ASSIGNMENT: Among the records that follow, find each line holding the word "unit" and copy it.

Records drawn from a dataset:
..............................

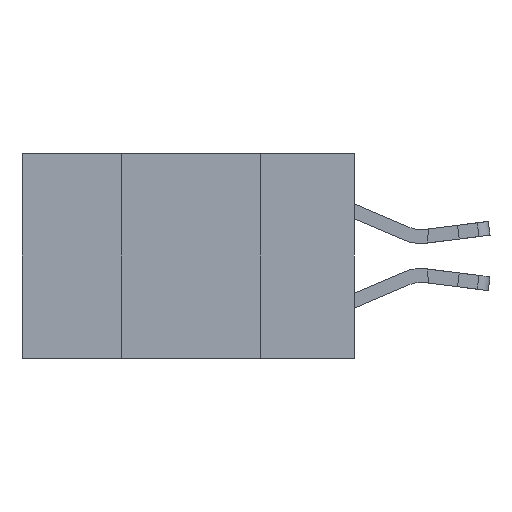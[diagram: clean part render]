
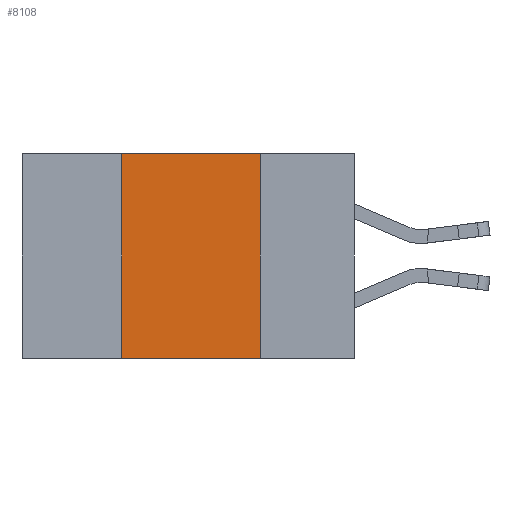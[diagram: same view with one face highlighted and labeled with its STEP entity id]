
A CAD part, left-side view. The second image highlights one B-rep face of the part: STEP entity #8108.
In plain terms, the highlighted planar face has unit normal (-1, 0, 0).
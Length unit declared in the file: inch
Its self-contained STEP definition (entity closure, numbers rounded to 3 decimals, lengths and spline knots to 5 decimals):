
#661 = ORIENTED_EDGE ( 'NONE', *, *, #16893, .F. ) ;
#807 = FACE_OUTER_BOUND ( 'NONE', #19696, .T. ) ;
#2275 = CARTESIAN_POINT ( 'NONE',  ( 0., 0.6, 0. ) ) ;
#2375 = CARTESIAN_POINT ( 'NONE',  ( 0., 0.42, -0.37 ) ) ;
#2595 = ORIENTED_EDGE ( 'NONE', *, *, #11046, .T. ) ;
#2839 = VERTEX_POINT ( 'NONE', #10201 ) ;
#3225 = LINE ( 'NONE', #7260, #11975 ) ;
#3761 = ORIENTED_EDGE ( 'NONE', *, *, #13740, .F. ) ;
#4594 = ORIENTED_EDGE ( 'NONE', *, *, #14199, .F. ) ;
#5249 = DIRECTION ( 'NONE',  ( 0., 0., -1. ) ) ;
#5832 = LINE ( 'NONE', #15679, #15092 ) ;
#5947 = DIRECTION ( 'NONE',  ( 1., 0., 0. ) ) ;
#6963 = CARTESIAN_POINT ( 'NONE',  ( 0., 0.6, 0. ) ) ;
#7260 = CARTESIAN_POINT ( 'NONE',  ( 0., 0.6, -0.37 ) ) ;
#8012 = DIRECTION ( 'NONE',  ( 0., 0., 1. ) ) ;
#8108 = ADVANCED_FACE ( 'NONE', ( #807 ), #13818, .F. ) ;
#9012 = DIRECTION ( 'NONE',  ( 0., -1., 0. ) ) ;
#9427 = VECTOR ( 'NONE', #16274, 39.37008 ) ;
#10201 = CARTESIAN_POINT ( 'NONE',  ( 0., 0.42, 0. ) ) ;
#10936 = AXIS2_PLACEMENT_3D ( 'NONE', #6963, #5947, #13024 ) ;
#11046 = EDGE_CURVE ( 'NONE', #20482, #16355, #3225, .T. ) ;
#11975 = VECTOR ( 'NONE', #9012, 39.37008 ) ;
#13024 = DIRECTION ( 'NONE',  ( 0., 0., -1. ) ) ;
#13103 = CARTESIAN_POINT ( 'NONE',  ( 0., 0.17, 0. ) ) ;
#13740 = EDGE_CURVE ( 'NONE', #14122, #16355, #5832, .T. ) ;
#13818 = PLANE ( 'NONE',  #10936 ) ;
#14122 = VERTEX_POINT ( 'NONE', #13103 ) ;
#14199 = EDGE_CURVE ( 'NONE', #20482, #2839, #14528, .T. ) ;
#14528 = LINE ( 'NONE', #20228, #15067 ) ;
#15067 = VECTOR ( 'NONE', #8012, 39.37008 ) ;
#15092 = VECTOR ( 'NONE', #5249, 39.37008 ) ;
#15679 = CARTESIAN_POINT ( 'NONE',  ( 0., 0.17, 0. ) ) ;
#16215 = CARTESIAN_POINT ( 'NONE',  ( 0., 0.17, -0.37 ) ) ;
#16274 = DIRECTION ( 'NONE',  ( 0., -1., 0. ) ) ;
#16355 = VERTEX_POINT ( 'NONE', #16215 ) ;
#16893 = EDGE_CURVE ( 'NONE', #2839, #14122, #18207, .T. ) ;
#18207 = LINE ( 'NONE', #2275, #9427 ) ;
#19696 = EDGE_LOOP ( 'NONE', ( #3761, #661, #4594, #2595 ) ) ;
#20228 = CARTESIAN_POINT ( 'NONE',  ( 0., 0.42, 0. ) ) ;
#20482 = VERTEX_POINT ( 'NONE', #2375 ) ;

..............................

FINISHED TASK:
In plain terms, the highlighted planar face has unit normal (-1, 0, 0).
Length unit declared in the file: inch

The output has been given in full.